Directions for this task: Set down again exactly the lines of the listing below that fall between the line holding "6.01,52.9 3.57,60.32 z6" and the line holding "22.06,16.98 25.56,18.11 z6:9", inclusive.

[Opening Input data section]

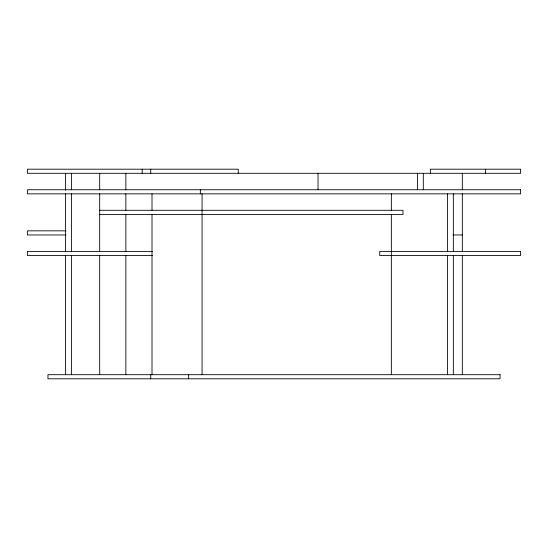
<?xml version="1.0" encoding="UTF-8"?>
<svg xmlns="http://www.w3.org/2000/svg" width="548" height="548" viewBox="0 0 548 548"><rect width="100%" height="100%" fill="white"/><g stroke="black" fill="none" stroke-linecap="round" stroke-linejoin="round"><path stroke-width="0.82" d="M99.284 210.295L402.972 210.295L402.972 214.405L99.284 214.405M66.041 230.845L27.4 230.845L27.4 234.955L66.041 234.955M452.997 234.955L462.327 234.955M152.426 251.395L27.4 251.395L27.4 255.505L152.426 255.505M485.521 169.195L485.521 173.305M462.327 173.305L462.327 189.574M462.327 193.855L462.327 251.395M462.327 255.505L462.327 374.695M453.347 193.855L453.347 251.395M453.347 255.505L453.347 374.695M447.531 193.855L447.531 251.395M447.531 255.505L447.531 374.695M430.358 173.305L430.358 169.195L520.6 169.195L520.6 173.305L27.4 173.305L27.4 169.195L238.257 169.195L238.257 173.305M423.309 173.305L423.309 189.574M417.501 173.305L417.501 189.574M391.347 193.855L391.347 210.295M391.347 214.405L391.347 374.695M318.032 173.305L318.032 189.574M202.075 193.855L202.075 374.695M200.335 189.745L200.335 193.855M188.642 374.695L188.642 378.805M152.008 193.855L152.008 210.295M152.008 214.405L152.008 374.695M150.727 169.195L150.727 173.305M150.727 374.695L150.727 378.805M142.213 169.195L142.213 173.305M125.855 173.305L125.855 189.745M125.855 193.855L125.855 210.295M125.855 214.405L125.855 251.395M125.855 255.505L125.855 374.695M99.695 173.305L99.695 189.745M99.695 193.855L99.695 251.395M99.695 255.505L99.695 374.695M71.404 173.305L71.404 189.745M71.404 193.855L71.404 251.395M71.404 255.505L71.404 374.695M65.596 173.305L65.596 190.231M65.596 193.615L65.596 251.395M65.596 255.505L65.596 374.695M520.6 189.745L27.4 189.745L27.4 193.855L520.6 193.855L520.6 189.745M520.6 251.395L379.716 251.395L379.716 255.505L520.6 255.505L520.6 251.395M500.05 374.695L47.95 374.695L47.95 378.805L500.05 378.805L500.05 374.695"/></g></svg>
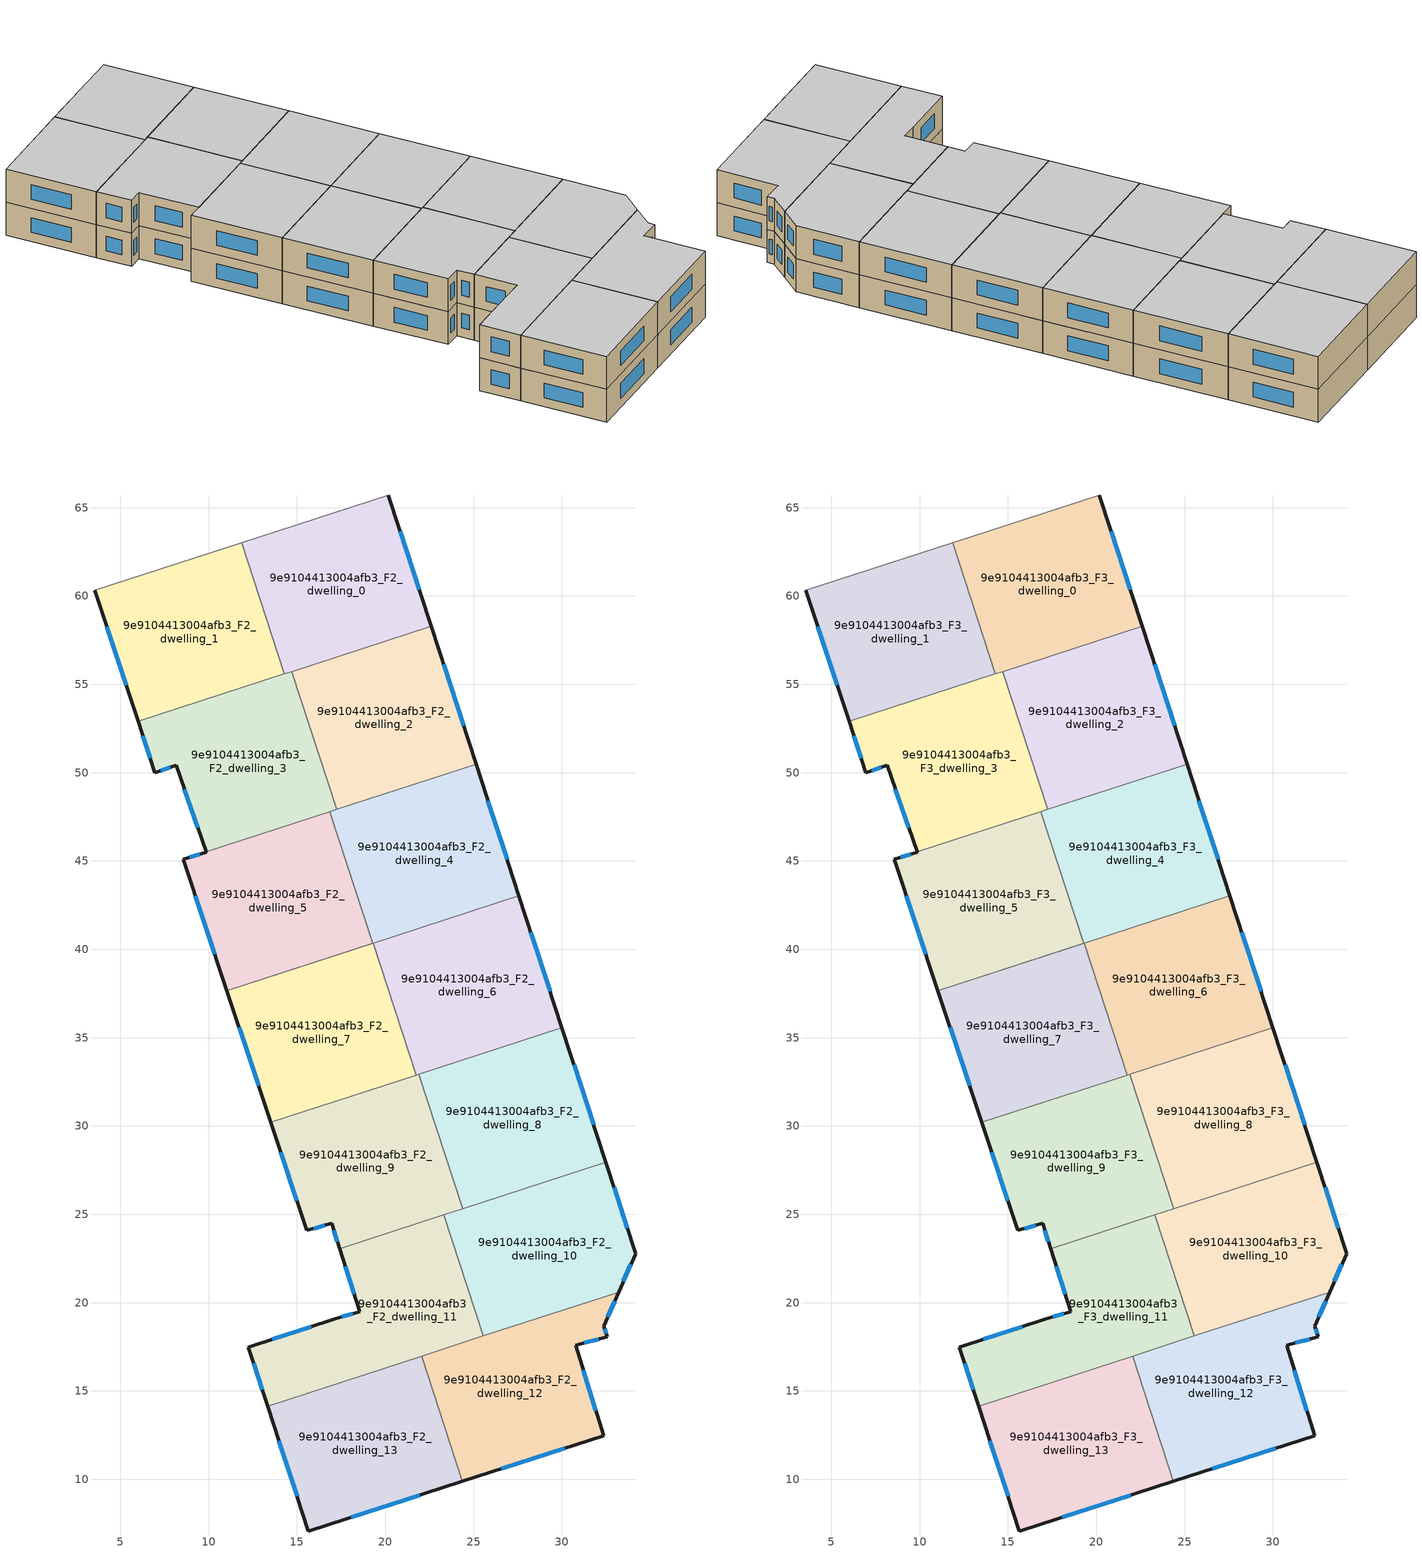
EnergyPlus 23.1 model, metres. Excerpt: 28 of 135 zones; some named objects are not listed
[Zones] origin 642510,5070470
9e9104413004afb3_F2_dwelling_0
 floor to 9e9104413004afb3_F1_dwelling_0 (EU_floor_Construction): 20.18,65.72 22.6,58.29 14.3,55.59 11.88,63.02 z6
 wall outside (EU_wall_Construction): 22.6,58.29 20.18,65.72 z6:9
 wall to 9e9104413004afb3_F2_dwelling_1 (EU_wall_Construction): 11.88,63.02 14.3,55.59 z6:9
 wall adiabatic (EU_wall_Construction): 20.18,65.72 11.88,63.02 z6:9
 wall to 9e9104413004afb3_F2_dwelling_2 (EU_wall_Construction): 14.71,55.72 22.6,58.29 z6:9
 wall to 9e9104413004afb3_F2_dwelling_3 (EU_wall_Construction): 14.3,55.59 14.71,55.72 z6:9
 window (EU_Window_Construction): 21.93,60.35 20.85,63.66 z6.83:8.17
9e9104413004afb3_F2_dwelling_1
 floor to 9e9104413004afb3_F1_dwelling_1 (EU_floor_Construction): 11.88,63.02 14.3,55.59 6.01,52.9 3.57,60.32 z6
 wall outside (EU_wall_Construction): 3.57,60.32 6.01,52.9 z6:9
 wall adiabatic (EU_wall_Construction): 11.88,63.02 3.57,60.32 z6:9
 wall to 9e9104413004afb3_F2_dwelling_3 (EU_wall_Construction): 6.01,52.9 14.3,55.59 z6:9
 window (EU_Window_Construction): 4.24,58.26 5.34,54.95 z6.83:8.17
9e9104413004afb3_F2_dwelling_10
 floor to 9e9104413004afb3_F1_dwelling_10 (EU_floor_Construction): 32.49,27.96 34.18,22.78 33.22,20.6 25.56,18.11 23.33,24.98 z6
 wall outside (EU_wall_Construction): 33.22,20.6 34.18,22.78 32.49,27.96 z6:9
 wall to 9e9104413004afb3_F2_dwelling_11 (EU_wall_Construction): 23.33,24.98 25.56,18.11 z6:9
 wall to 9e9104413004afb3_F2_dwelling_12 (EU_wall_Construction): 25.56,18.11 33.22,20.6 z6:9
 wall to 9e9104413004afb3_F2_dwelling_8 (EU_wall_Construction): 32.49,27.96 24.39,25.32 z6:9
 wall to 9e9104413004afb3_F2_dwelling_9 (EU_wall_Construction): 24.39,25.32 23.33,24.98 z6:9
 window (EU_Window_Construction): 33.49,21.21 33.91,22.18 / 33.71,24.21 32.96,26.52 z6.83:8.17
9e9104413004afb3_F2_dwelling_11
 floor to 9e9104413004afb3_F1_dwelling_11 (EU_floor_Construction): 23.33,24.98 25.56,18.11 13.35,14.14 12.26,17.48 17.16,19.08 18.56,19.48 17.42,23.06 z6
 wall outside (EU_wall_Construction): 17.42,23.06 18.56,19.48 17.16,19.08 12.26,17.48 13.35,14.14 z6:9
 wall to 9e9104413004afb3_F2_dwelling_9 (EU_wall_Construction): 23.33,24.98 17.42,23.06 z6:9
 wall to 9e9104413004afb3_F2_dwelling_13 (EU_wall_Construction): 13.35,14.14 22.06,16.98 z6:9
 wall to 9e9104413004afb3_F2_dwelling_12 (EU_wall_Construction): 22.06,16.98 25.56,18.11 z6:9
 window (EU_Window_Construction): 12.56,16.56 13.05,15.07 / 15.81,18.64 13.62,17.93 / 18.18,19.37 17.55,19.19 / 17.74,22.07 18.25,20.47 z6.83:8.17
9e9104413004afb3_F2_dwelling_12
 floor to 9e9104413004afb3_F1_dwelling_12 (EU_floor_Construction): 33.22,20.6 32.38,18.68 32.57,18.08 30.77,17.58 32.37,12.47 24.37,9.89 22.06,16.98 z6
 wall outside (EU_wall_Construction): 24.37,9.89 32.37,12.47 30.77,17.58 32.57,18.08 32.38,18.68 33.22,20.6 z6:9
 wall to 9e9104413004afb3_F2_dwelling_13 (EU_wall_Construction): 22.06,16.98 24.37,9.89 z6:9
 window (EU_Window_Construction): 32.52,18.24 32.43,18.51 / 31.27,17.72 32.08,17.94 / 31.93,13.89 31.22,16.16 / 26.58,10.6 30.16,11.76 / 32.61,19.21 32.99,20.07 z6.83:8.17
9e9104413004afb3_F2_dwelling_13
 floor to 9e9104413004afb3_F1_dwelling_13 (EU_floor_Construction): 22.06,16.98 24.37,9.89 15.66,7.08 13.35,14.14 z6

[Closing Input data section]

Written answer:
 floor to 9e9104413004afb3_F1_dwelling_1 (EU_floor_Construction): 11.88,63.02 14.3,55.59 6.01,52.9 3.57,60.32 z6
 wall outside (EU_wall_Construction): 3.57,60.32 6.01,52.9 z6:9
 wall adiabatic (EU_wall_Construction): 11.88,63.02 3.57,60.32 z6:9
 wall to 9e9104413004afb3_F2_dwelling_3 (EU_wall_Construction): 6.01,52.9 14.3,55.59 z6:9
 window (EU_Window_Construction): 4.24,58.26 5.34,54.95 z6.83:8.17
9e9104413004afb3_F2_dwelling_10
 floor to 9e9104413004afb3_F1_dwelling_10 (EU_floor_Construction): 32.49,27.96 34.18,22.78 33.22,20.6 25.56,18.11 23.33,24.98 z6
 wall outside (EU_wall_Construction): 33.22,20.6 34.18,22.78 32.49,27.96 z6:9
 wall to 9e9104413004afb3_F2_dwelling_11 (EU_wall_Construction): 23.33,24.98 25.56,18.11 z6:9
 wall to 9e9104413004afb3_F2_dwelling_12 (EU_wall_Construction): 25.56,18.11 33.22,20.6 z6:9
 wall to 9e9104413004afb3_F2_dwelling_8 (EU_wall_Construction): 32.49,27.96 24.39,25.32 z6:9
 wall to 9e9104413004afb3_F2_dwelling_9 (EU_wall_Construction): 24.39,25.32 23.33,24.98 z6:9
 window (EU_Window_Construction): 33.49,21.21 33.91,22.18 / 33.71,24.21 32.96,26.52 z6.83:8.17
9e9104413004afb3_F2_dwelling_11
 floor to 9e9104413004afb3_F1_dwelling_11 (EU_floor_Construction): 23.33,24.98 25.56,18.11 13.35,14.14 12.26,17.48 17.16,19.08 18.56,19.48 17.42,23.06 z6
 wall outside (EU_wall_Construction): 17.42,23.06 18.56,19.48 17.16,19.08 12.26,17.48 13.35,14.14 z6:9
 wall to 9e9104413004afb3_F2_dwelling_9 (EU_wall_Construction): 23.33,24.98 17.42,23.06 z6:9
 wall to 9e9104413004afb3_F2_dwelling_13 (EU_wall_Construction): 13.35,14.14 22.06,16.98 z6:9
 wall to 9e9104413004afb3_F2_dwelling_12 (EU_wall_Construction): 22.06,16.98 25.56,18.11 z6:9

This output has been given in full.